You don’t have to look like a model; they’re all ridiculously thin.  You don’t have to be a “stick figure silicone Barbie doll.”  Plastic surgery and makeup are not changing who you are as a person, they’re just appearances.  You don’t have to shave your armpits.  You have no obligation to resemble, in any way, the women on the covers of the magazines in the grocery store checkout aisle.  If you want to, fine.  It doesn’t matter.  Your priorities are your own.

But you should feel bad about being overweight.  Just as you should feel bad if you smoke or if you sniff glue or do coke or heroin or meth or whatever.  You are putting yourself in a situation where your health is in jeopardy, as you have every right to do, but I sure as shit don’t have to respect that choice.

It’s a bad choice.

2 Thoughts

  1. “Your sense of self-worth should not be dictated by whether other people want to fuck you.” Well said.
    “There are millions of fit, attractive women in the world who are nice people and deserve validation just as much as you do. You don’t get to make fun of them for not having “all the right junk in all the right places” any more than they should get to make fun of you for being fat.”
    That’s right, but one has to be aware of the fact that attractive people were treated better, even though they aren’t in general more intelligent or whatever then their counterparts. In consequence they have more self-esteem, which makes them even more attractive. Disrespecting thin women isn’t useful though.

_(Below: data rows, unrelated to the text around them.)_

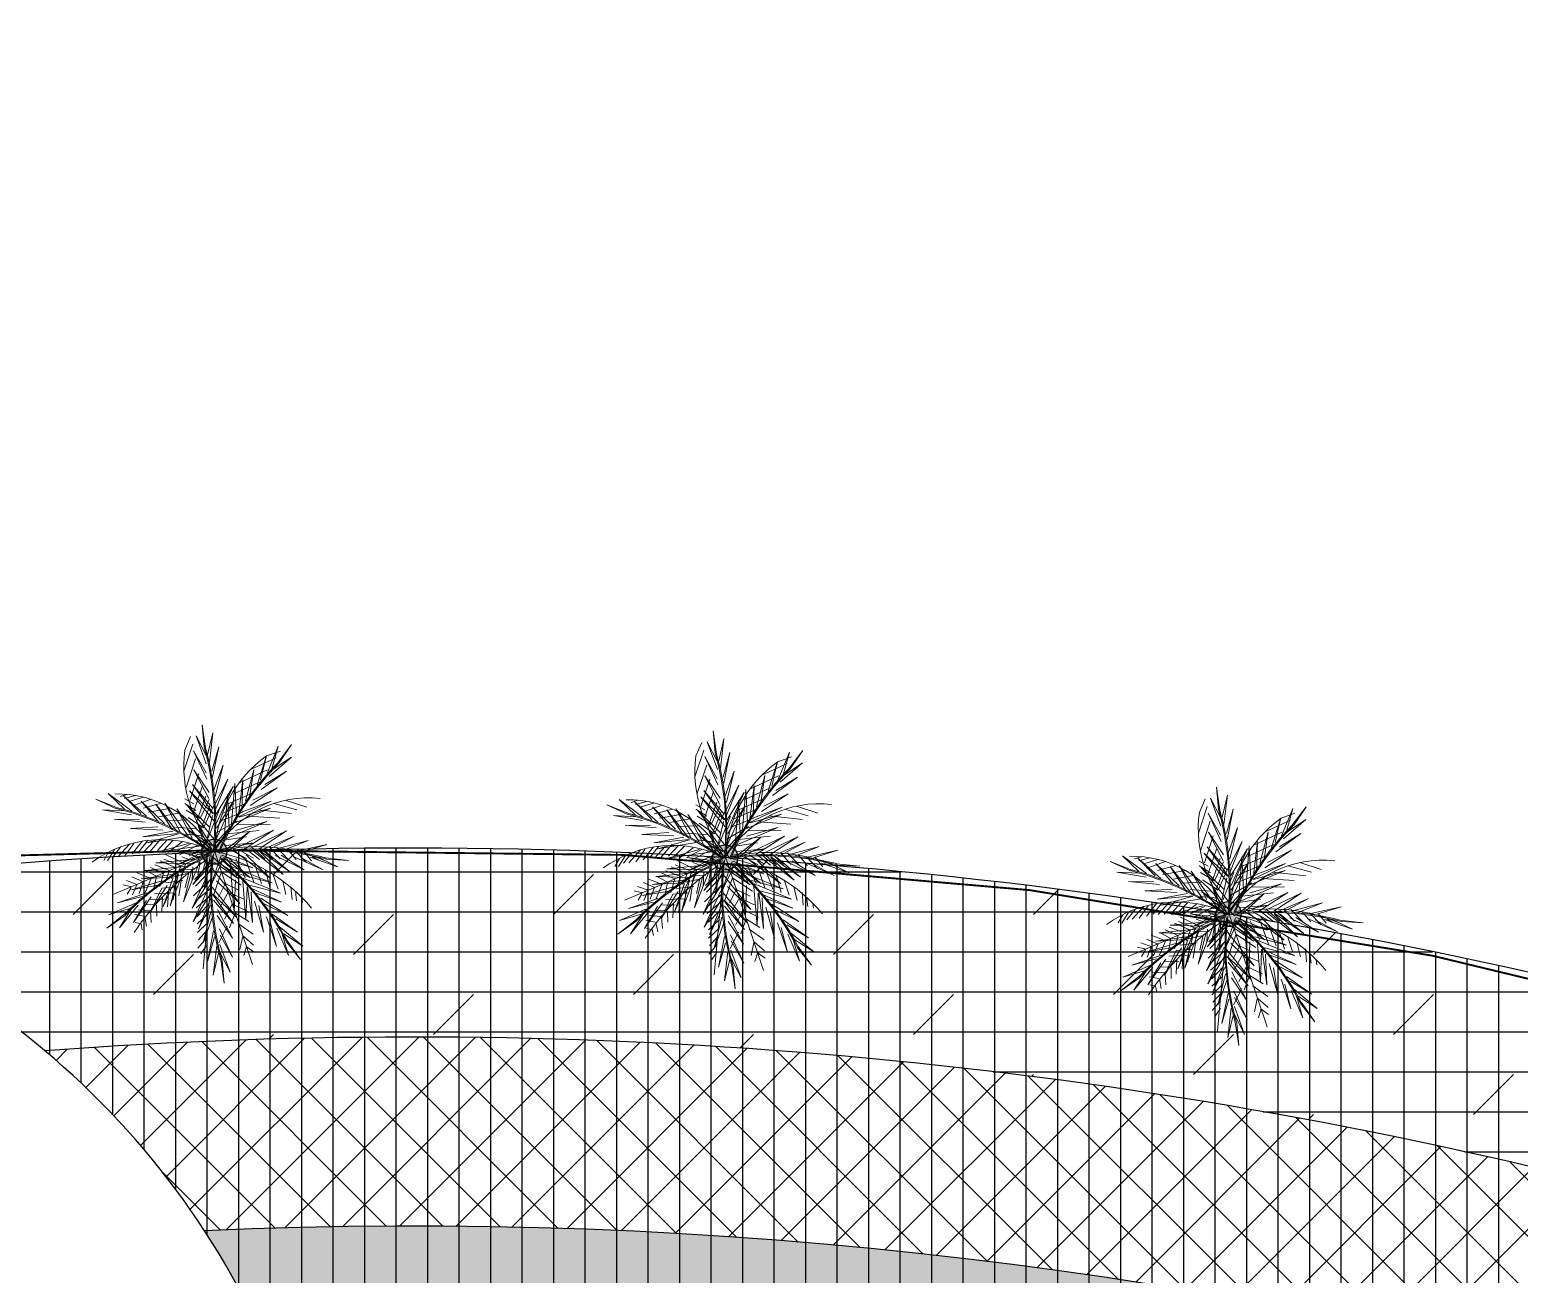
# Model space of a CAD drawing. Extents: x 671027 to 671614, y 802418 to 802669.
# Drawn here: x 671358.18 to 671381.83, y 802572.02 to 802591.77 of the extents above; entities that cross this region are included whole.
import ezdxf

# ---------------------------------------------------------------- set-up
doc = ezdxf.new("R2010")
doc.units = 0
for name, color, linetype in [('Bubbler 110', 1, 'Continuous'), ('drip line', 7, 'Continuous'), ('Pipe-Lateral-10 Bars-32mm', 7, 'Continuous'), ('ROAD BORDER', 7, 'Continuous'), ('Roads boundry', 7, 'Continuous'), ('shrubs-Gc', 7, 'Continuous')]:
    doc.layers.add(name, color=color, linetype=linetype)
doc.layers.add('palm bltshardia', color=8, linetype='Continuous', lineweight=15)
doc.styles.get("Standard").update_dxf_attribs({"font": 'arial.ttf'})
doc.linetypes.add('32mm', pattern='A,0.5,-0.2,["32mm",Standard,S=0.1,R=0,X=-0.1,Y=-0.05],-0.5', length=1.2)
pattern_1 = [(90, (0, 0), (-0.5, 0), [])]

# ---------------------------------------------------------------- blocks, each defined once
blk = doc.blocks.new('aer')
at = {"layer": 'palm bltshardia', "color": 60}
for p, q in [((-0.891, 1.136, -0.051), (-0.879, 1.331, -0.051)), ((-0.81, 0.872, -0.051), (-0.819, 1.243, -0.051)), ((-0.277, 0.977, -0.051), (-0.076, 1.224, -0.051)), ((-0.255, 1.133, -0.051), (-0.058, 1.356, -0.051)), ((-0.707, 0.675, -0.051), (-0.718, 1.075, -0.051)), ((-0.278, 0.753, -0.051), (-0.062, 1.138, -0.051)), ((-0.603, 0.53, -0.051), (-0.613, 0.908, -0.051)), ((-0.258, 0.596, -0.051), (-0.065, 0.972, -0.051)), ((-0.21, 0.41, -0.051), (-0.041, 0.821, -0.051)), ((1.011, 0.826, -0.051), (1.077, 0.81, -0.051)), ((-0.51, 0.415, -0.051), (-0.513, 0.771, -0.051)), ((-0.425, 0.295, -0.051), (-0.425, 0.655, -0.051)), ((-0.149, 0.254, -0.051), (-0.025, 0.658, -0.051)), ((0.575, 0.6, -0.051), (0.788, 0.582, -0.051)), ((0.714, 0.682, -0.051), (0.895, 0.65, -0.051)), ((0.825, 0.752, -0.051), (0.985, 0.699, -0.051)), ((0.904, 0.782, -0.051), (1.026, 0.747, -0.051)), ((-0.339, 0.232, -0.051), (-0.331, 0.554, -0.051)), ((-0.217, 0.114, -0.051), (-0.257, 0.443, -0.051)), ((-0.095, 0.15, -0.051), (-0.012, 0.47, -0.051)), ((0.371, 0.427, -0.051), (0.632, 0.412, -0.051)), ((0.48, 0.526, -0.051), (0.717, 0.496, -0.051)), ((-1.388, 0.173, -0.051), (-1.523, 0.314, -0.051)), ((-1.139, 0.052, -0.051), (-1.417, 0.299, -0.051)), ((-0.925, -0.006, -0.051), (-1.225, 0.258, -0.051)), ((-0.748, -0.029, -0.051), (-1.032, 0.221, -0.051)), ((-0.6, -0.038, -0.051), (-0.863, 0.202, -0.051)), ((0.196, 0.228, -0.051), (0.479, 0.242, -0.051)), ((0.29, 0.343, -0.051), (0.575, 0.325, -0.051)), ((-0.454, -0.058, -0.051), (-0.718, 0.187, -0.051)), ((-0.349, -0.038, -0.051), (-0.579, 0.187, -0.051)), ((-0.18, -0.029, -0.051), (-0.449, 0.166, -0.051)), ((0.119, 0.117, -0.051), (0.41, 0.15, -0.051))]:
    blk.add_line(p, q, dxfattribs=at)
at = {"layer": 'palm bltshardia', "elevation": -0.051}
for points in [[(0.677, 1.327), (0.807, 1.59), (0.653, 1.32)], [(-0.74, 1.253), (-0.9, 1.5), (-0.747, 1.23)], [(-1.325, 0.422), (-1.605, 0.513), (-1.304, 0.434)], [(1.474, 0.41), (1.758, 0.487), (1.454, 0.424)], [(1.37, -0.471), (1.65, -0.562), (1.35, -0.483)], [(-1.038, -0.969), (-1.257, -1.165), (-1.038, -0.945)], [(0.31, -1.415), (0.371, -1.703), (0.289, -1.403)]]:
    blk.add_lwpolyline(points, dxfattribs=at)
at = {"layer": 'palm bltshardia', "color": 52, "elevation": -0.051}
for points in [[(-0.629, 1.061), (-0.748, 1.433), (-0.692, 1.141)], [(0.421, 1.002), (0.498, 1.407), (0.461, 1.073)], [(-0.674, 1.05), (-0.948, 1.329), (-0.715, 1.143)], [(0.484, 0.952), (0.786, 1.232), (0.523, 1.022)], [(-0.372, 0.679), (-0.449, 1.098), (-0.424, 0.739)], [(0.226, 0.576), (0.227, 1.052), (0.262, 0.648)], [(-0.455, 0.644), (-0.79, 0.908), (-0.484, 0.718)], [(-0.243, 0.4), (-0.234, 0.912), (-0.291, 0.483)], [(0.073, 0.241), (0.046, 0.832), (0.12, 0.405)], [(0.228, 0.559), (0.631, 0.814), (0.27, 0.628)], [(-1.112, 0.409), (-1.451, 0.603), (-1.212, 0.425)], [(-0.251, 0.358), (-0.722, 0.605), (-0.315, 0.456)], [(-1.111, 0.363), (-1.501, 0.383), (-1.204, 0.404)], [(-0.664, 0.301), (-1.004, 0.558), (-0.742, 0.31)], [(-0.334, 0.177), (-0.694, 0.569), (-0.446, 0.214)], [(0.009, 0.105), (0.103, 0.536), (-0.019, 0.164)], [(0.094, 0.247), (0.608, 0.539), (0.207, 0.374)], [(0.472, 0.216), (0.851, 0.589), (0.585, 0.247)], [(0.807, 0.324), (1.16, 0.563), (0.886, 0.329)], [(1.257, 0.363), (1.648, 0.363), (1.352, 0.399)], [(1.26, 0.408), (1.609, 0.585), (1.361, 0.419)], [(-0.675, 0.212), (-1.1, 0.179), (-0.747, 0.247)], [(-0.02, 0.001), (-0.243, 0.382), (-0.081, 0.025)], [(0.083, 0.078), (0.397, 0.386), (0.148, 0.085)], [(0.51, 0.195), (0.995, 0.031), (0.603, 0.216)], [(0.814, 0.234), (1.237, 0.18), (0.887, 0.265)], [(-0.373, 0.158), (-0.866, 0.018), (-0.465, 0.183)], [(-0.024, -0.011), (-0.416, -0.211), (-0.088, 0.002)], [(0.069, -0.039), (0.462, 0.162), (0.133, -0.051)], [(-0.021, -0.049), (-0.462, -0.051), (-0.073, -0.09)], [(0.022, -0.075), (-0.197, -0.458), (0.031, -0.14)], [(-0.013, -0.058), (-0.035, -0.498), (-0.056, -0.107)], [(0.034, -0.072), (0.404, -0.312), (0.055, -0.134)], [(0.066, -0.051), (0.288, -0.432), (0.127, -0.075)], [(0.419, -0.208), (0.911, -0.068), (0.511, -0.233)], [(-0.33, -0.233), (-0.849, -0.348), (-0.418, -0.311)], [(-0.334, -0.276), (-0.459, -0.773), (-0.402, -0.343)], [(0.38, -0.226), (0.739, -0.618), (0.491, -0.263)], [(0.709, -0.351), (1.049, -0.607), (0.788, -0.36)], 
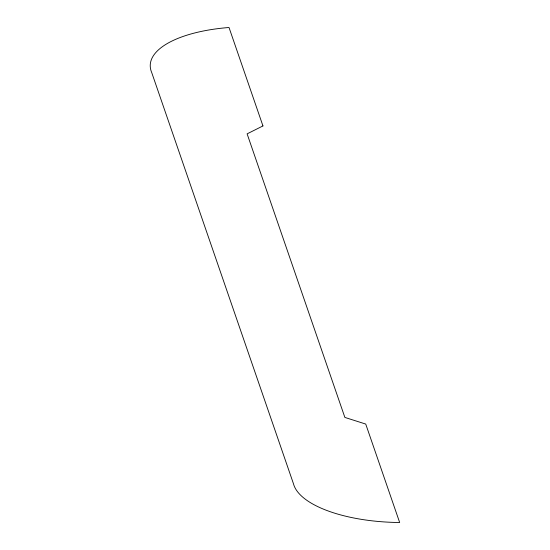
<?xml version="1.0" encoding="UTF-8"?>
<svg xmlns="http://www.w3.org/2000/svg" width="550" height="550" viewBox="0 0 550 550"><rect width="100%" height="100%" fill="white"/><g stroke="black" fill="none" stroke-linecap="round" stroke-linejoin="round"><path stroke-width="0.82" d="M262.955 125.936L247.115 133.856L344.871 417.422L365.729 424.064L399.664 522.5A103.716 40.858 1.3 0 1 293.494 483.828L151.711 72.545A103.716 40.858 1.3 0 1 229.02 27.5L262.955 125.936"/></g></svg>

    The question whether human beeings are perfect or not is far more than a question of the body itself. There are four possible answers to this question.
    1.You already are perfect. That’s what she says. But obviously this is not right. And it wouldn’t be good either. Many atheists “I need no god, I’m already perfect” and fundamental religious people: “God is perfect and created me like him. I’m perfect” (even though many people suspect, that it is the other way round) believe that too.
    2. You aren’t perfect, but you can’t do anything about it, because it’s your fate (today people are more tempted to say: Your genetic information). Your behaviour is under the rule of your environment and the circumstances. Many philosophers have (or have had) this opinion and even religious groups like Calvinists share this point of view on things called Determinism. But in my eyes it is very disappointing. Why should I then try to improve my situation?
    3. You aren’t perfect, but have to get perfect. That’s what for example at the beginning Martin Luther and most of the european people in the Middle Ages believed. But he got sick of it, because he was sure he couldn’t become perfect. He solved the problem for him self and many other christians saying god accepts us humans even though we are not perfect, if we at least try.
    4. And that’s the best solution in my eyes. Believin’ or not, trying to get out the best of us and always checking if we are heading for worthy aims while we are respecting everyone is the best we actually can do. Instead of telling about how perfect we are, we shall try to get there. But an important point is not to be disappointed, when we fail, because.